» **Your objective**
Please copy, exactly as they appear below, the lines from the one containing "line L1 (30.3625, 16.3625)" through the one containing "line L0 (0, 9.9625)".

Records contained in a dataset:
┏━━
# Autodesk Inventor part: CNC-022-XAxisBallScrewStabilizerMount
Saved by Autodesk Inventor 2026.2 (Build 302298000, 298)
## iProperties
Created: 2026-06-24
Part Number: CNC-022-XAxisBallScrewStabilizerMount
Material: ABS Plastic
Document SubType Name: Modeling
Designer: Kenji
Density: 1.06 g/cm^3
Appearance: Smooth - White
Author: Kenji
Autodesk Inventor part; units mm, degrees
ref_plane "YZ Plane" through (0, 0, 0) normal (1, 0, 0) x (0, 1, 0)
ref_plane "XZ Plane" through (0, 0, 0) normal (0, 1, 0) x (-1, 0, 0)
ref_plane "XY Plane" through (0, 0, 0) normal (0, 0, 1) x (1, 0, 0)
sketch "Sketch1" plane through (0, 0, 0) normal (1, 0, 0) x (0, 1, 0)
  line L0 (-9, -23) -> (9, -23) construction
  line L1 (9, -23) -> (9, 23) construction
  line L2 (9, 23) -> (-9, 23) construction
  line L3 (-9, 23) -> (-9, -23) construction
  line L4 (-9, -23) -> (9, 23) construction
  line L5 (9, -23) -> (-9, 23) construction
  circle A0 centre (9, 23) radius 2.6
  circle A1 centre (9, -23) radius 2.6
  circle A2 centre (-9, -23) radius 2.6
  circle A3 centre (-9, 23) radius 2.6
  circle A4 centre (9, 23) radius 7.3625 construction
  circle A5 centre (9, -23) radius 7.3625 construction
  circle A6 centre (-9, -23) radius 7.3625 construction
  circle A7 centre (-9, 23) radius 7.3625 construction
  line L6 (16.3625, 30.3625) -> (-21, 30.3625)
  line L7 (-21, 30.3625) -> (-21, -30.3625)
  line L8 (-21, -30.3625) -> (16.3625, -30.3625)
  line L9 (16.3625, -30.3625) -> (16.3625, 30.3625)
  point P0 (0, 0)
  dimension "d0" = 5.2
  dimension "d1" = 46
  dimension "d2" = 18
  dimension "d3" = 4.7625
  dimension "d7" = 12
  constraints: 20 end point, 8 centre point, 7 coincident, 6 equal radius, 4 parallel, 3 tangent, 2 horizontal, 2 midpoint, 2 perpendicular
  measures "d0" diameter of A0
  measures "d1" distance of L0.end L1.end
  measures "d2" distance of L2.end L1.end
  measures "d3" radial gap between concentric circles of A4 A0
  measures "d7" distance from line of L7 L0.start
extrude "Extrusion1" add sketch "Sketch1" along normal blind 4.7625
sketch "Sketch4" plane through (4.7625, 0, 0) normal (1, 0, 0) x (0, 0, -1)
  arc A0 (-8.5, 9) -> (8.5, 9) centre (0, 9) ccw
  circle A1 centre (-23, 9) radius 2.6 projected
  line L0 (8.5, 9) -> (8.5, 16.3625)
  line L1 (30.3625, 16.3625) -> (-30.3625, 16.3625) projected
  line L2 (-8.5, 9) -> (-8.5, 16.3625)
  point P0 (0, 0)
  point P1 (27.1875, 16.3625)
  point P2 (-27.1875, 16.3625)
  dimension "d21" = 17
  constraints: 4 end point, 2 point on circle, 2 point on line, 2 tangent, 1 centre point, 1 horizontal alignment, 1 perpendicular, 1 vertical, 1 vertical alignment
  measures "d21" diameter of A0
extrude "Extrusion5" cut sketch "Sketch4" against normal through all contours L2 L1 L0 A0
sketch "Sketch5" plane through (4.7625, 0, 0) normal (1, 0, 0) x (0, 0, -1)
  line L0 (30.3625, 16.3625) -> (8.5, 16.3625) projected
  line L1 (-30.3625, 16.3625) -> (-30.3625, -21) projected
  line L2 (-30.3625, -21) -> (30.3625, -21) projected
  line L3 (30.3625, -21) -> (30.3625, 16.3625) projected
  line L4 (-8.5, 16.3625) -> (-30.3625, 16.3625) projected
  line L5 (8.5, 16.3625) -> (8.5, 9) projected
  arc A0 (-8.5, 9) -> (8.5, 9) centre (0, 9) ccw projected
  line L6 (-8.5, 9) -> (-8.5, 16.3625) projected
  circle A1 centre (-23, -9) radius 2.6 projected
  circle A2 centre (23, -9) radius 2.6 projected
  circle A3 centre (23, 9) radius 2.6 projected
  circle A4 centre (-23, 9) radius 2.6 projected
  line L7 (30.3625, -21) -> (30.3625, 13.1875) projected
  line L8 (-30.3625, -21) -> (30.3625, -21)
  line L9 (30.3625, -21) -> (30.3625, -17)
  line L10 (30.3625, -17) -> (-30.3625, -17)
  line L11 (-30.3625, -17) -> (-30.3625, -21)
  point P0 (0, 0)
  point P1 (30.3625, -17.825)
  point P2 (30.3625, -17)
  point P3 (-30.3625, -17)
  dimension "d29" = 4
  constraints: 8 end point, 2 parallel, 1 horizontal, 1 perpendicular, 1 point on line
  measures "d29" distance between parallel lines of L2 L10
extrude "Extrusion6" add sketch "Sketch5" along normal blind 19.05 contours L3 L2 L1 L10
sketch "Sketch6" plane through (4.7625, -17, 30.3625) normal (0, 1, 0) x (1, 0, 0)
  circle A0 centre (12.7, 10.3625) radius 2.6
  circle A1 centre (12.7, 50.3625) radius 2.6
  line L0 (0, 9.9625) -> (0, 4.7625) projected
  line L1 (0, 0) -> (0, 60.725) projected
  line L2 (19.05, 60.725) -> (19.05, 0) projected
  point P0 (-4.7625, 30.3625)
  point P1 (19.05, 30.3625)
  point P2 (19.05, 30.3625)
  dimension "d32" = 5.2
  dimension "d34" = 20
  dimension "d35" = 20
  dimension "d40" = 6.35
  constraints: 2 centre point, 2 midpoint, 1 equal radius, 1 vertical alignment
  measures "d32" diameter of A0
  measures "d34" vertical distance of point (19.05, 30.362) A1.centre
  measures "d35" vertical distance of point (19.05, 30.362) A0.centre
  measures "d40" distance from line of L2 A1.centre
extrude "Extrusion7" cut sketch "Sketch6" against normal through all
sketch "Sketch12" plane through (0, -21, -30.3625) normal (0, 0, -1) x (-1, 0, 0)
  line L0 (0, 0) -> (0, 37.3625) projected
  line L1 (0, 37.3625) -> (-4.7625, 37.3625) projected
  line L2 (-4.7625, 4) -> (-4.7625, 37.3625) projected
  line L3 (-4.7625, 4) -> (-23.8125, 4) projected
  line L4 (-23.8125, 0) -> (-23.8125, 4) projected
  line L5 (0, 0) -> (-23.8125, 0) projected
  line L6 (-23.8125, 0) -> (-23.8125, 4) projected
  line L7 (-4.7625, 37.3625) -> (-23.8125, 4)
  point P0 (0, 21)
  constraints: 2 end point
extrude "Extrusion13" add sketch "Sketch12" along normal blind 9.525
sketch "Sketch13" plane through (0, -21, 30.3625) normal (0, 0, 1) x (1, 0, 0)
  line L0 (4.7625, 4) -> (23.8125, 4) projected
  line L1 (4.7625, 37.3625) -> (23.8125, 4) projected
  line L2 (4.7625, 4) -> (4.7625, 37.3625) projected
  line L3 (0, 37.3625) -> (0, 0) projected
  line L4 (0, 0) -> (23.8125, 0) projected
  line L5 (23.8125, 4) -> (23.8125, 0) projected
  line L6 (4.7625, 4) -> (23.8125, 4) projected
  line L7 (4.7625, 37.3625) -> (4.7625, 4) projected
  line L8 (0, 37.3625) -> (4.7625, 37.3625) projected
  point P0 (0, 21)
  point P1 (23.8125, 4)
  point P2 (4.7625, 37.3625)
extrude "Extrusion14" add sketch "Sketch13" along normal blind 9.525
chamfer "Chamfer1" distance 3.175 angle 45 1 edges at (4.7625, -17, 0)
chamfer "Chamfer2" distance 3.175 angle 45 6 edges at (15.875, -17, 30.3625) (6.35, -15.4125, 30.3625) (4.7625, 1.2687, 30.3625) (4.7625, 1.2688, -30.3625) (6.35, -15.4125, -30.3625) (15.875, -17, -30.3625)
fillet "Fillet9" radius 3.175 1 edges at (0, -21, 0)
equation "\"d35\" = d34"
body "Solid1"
┗━━
» **Answer to the exercise**
  line L1 (30.3625, 16.3625) -> (-30.3625, 16.3625) projected
  line L2 (-8.5, 9) -> (-8.5, 16.3625)
  point P0 (0, 0)
  point P1 (27.1875, 16.3625)
  point P2 (-27.1875, 16.3625)
  dimension "d21" = 17
  constraints: 4 end point, 2 point on circle, 2 point on line, 2 tangent, 1 centre point, 1 horizontal alignment, 1 perpendicular, 1 vertical, 1 vertical alignment
  measures "d21" diameter of A0
extrude "Extrusion5" cut sketch "Sketch4" against normal through all contours L2 L1 L0 A0
sketch "Sketch5" plane through (4.7625, 0, 0) normal (1, 0, 0) x (0, 0, -1)
  line L0 (30.3625, 16.3625) -> (8.5, 16.3625) projected
  line L1 (-30.3625, 16.3625) -> (-30.3625, -21) projected
  line L2 (-30.3625, -21) -> (30.3625, -21) projected
  line L3 (30.3625, -21) -> (30.3625, 16.3625) projected
  line L4 (-8.5, 16.3625) -> (-30.3625, 16.3625) projected
  line L5 (8.5, 16.3625) -> (8.5, 9) projected
  arc A0 (-8.5, 9) -> (8.5, 9) centre (0, 9) ccw projected
  line L6 (-8.5, 9) -> (-8.5, 16.3625) projected
  circle A1 centre (-23, -9) radius 2.6 projected
  circle A2 centre (23, -9) radius 2.6 projected
  circle A3 centre (23, 9) radius 2.6 projected
  circle A4 centre (-23, 9) radius 2.6 projected
  line L7 (30.3625, -21) -> (30.3625, 13.1875) projected
  line L8 (-30.3625, -21) -> (30.3625, -21)
  line L9 (30.3625, -21) -> (30.3625, -17)
  line L10 (30.3625, -17) -> (-30.3625, -17)
  line L11 (-30.3625, -17) -> (-30.3625, -21)
  point P0 (0, 0)
  point P1 (30.3625, -17.825)
  point P2 (30.3625, -17)
  point P3 (-30.3625, -17)
  dimension "d29" = 4
  constraints: 8 end point, 2 parallel, 1 horizontal, 1 perpendicular, 1 point on line
  measures "d29" distance between parallel lines of L2 L10
extrude "Extrusion6" add sketch "Sketch5" along normal blind 19.05 contours L3 L2 L1 L10
sketch "Sketch6" plane through (4.7625, -17, 30.3625) normal (0, 1, 0) x (1, 0, 0)
  circle A0 centre (12.7, 10.3625) radius 2.6
  circle A1 centre (12.7, 50.3625) radius 2.6
  line L0 (0, 9.9625) -> (0, 4.7625) projected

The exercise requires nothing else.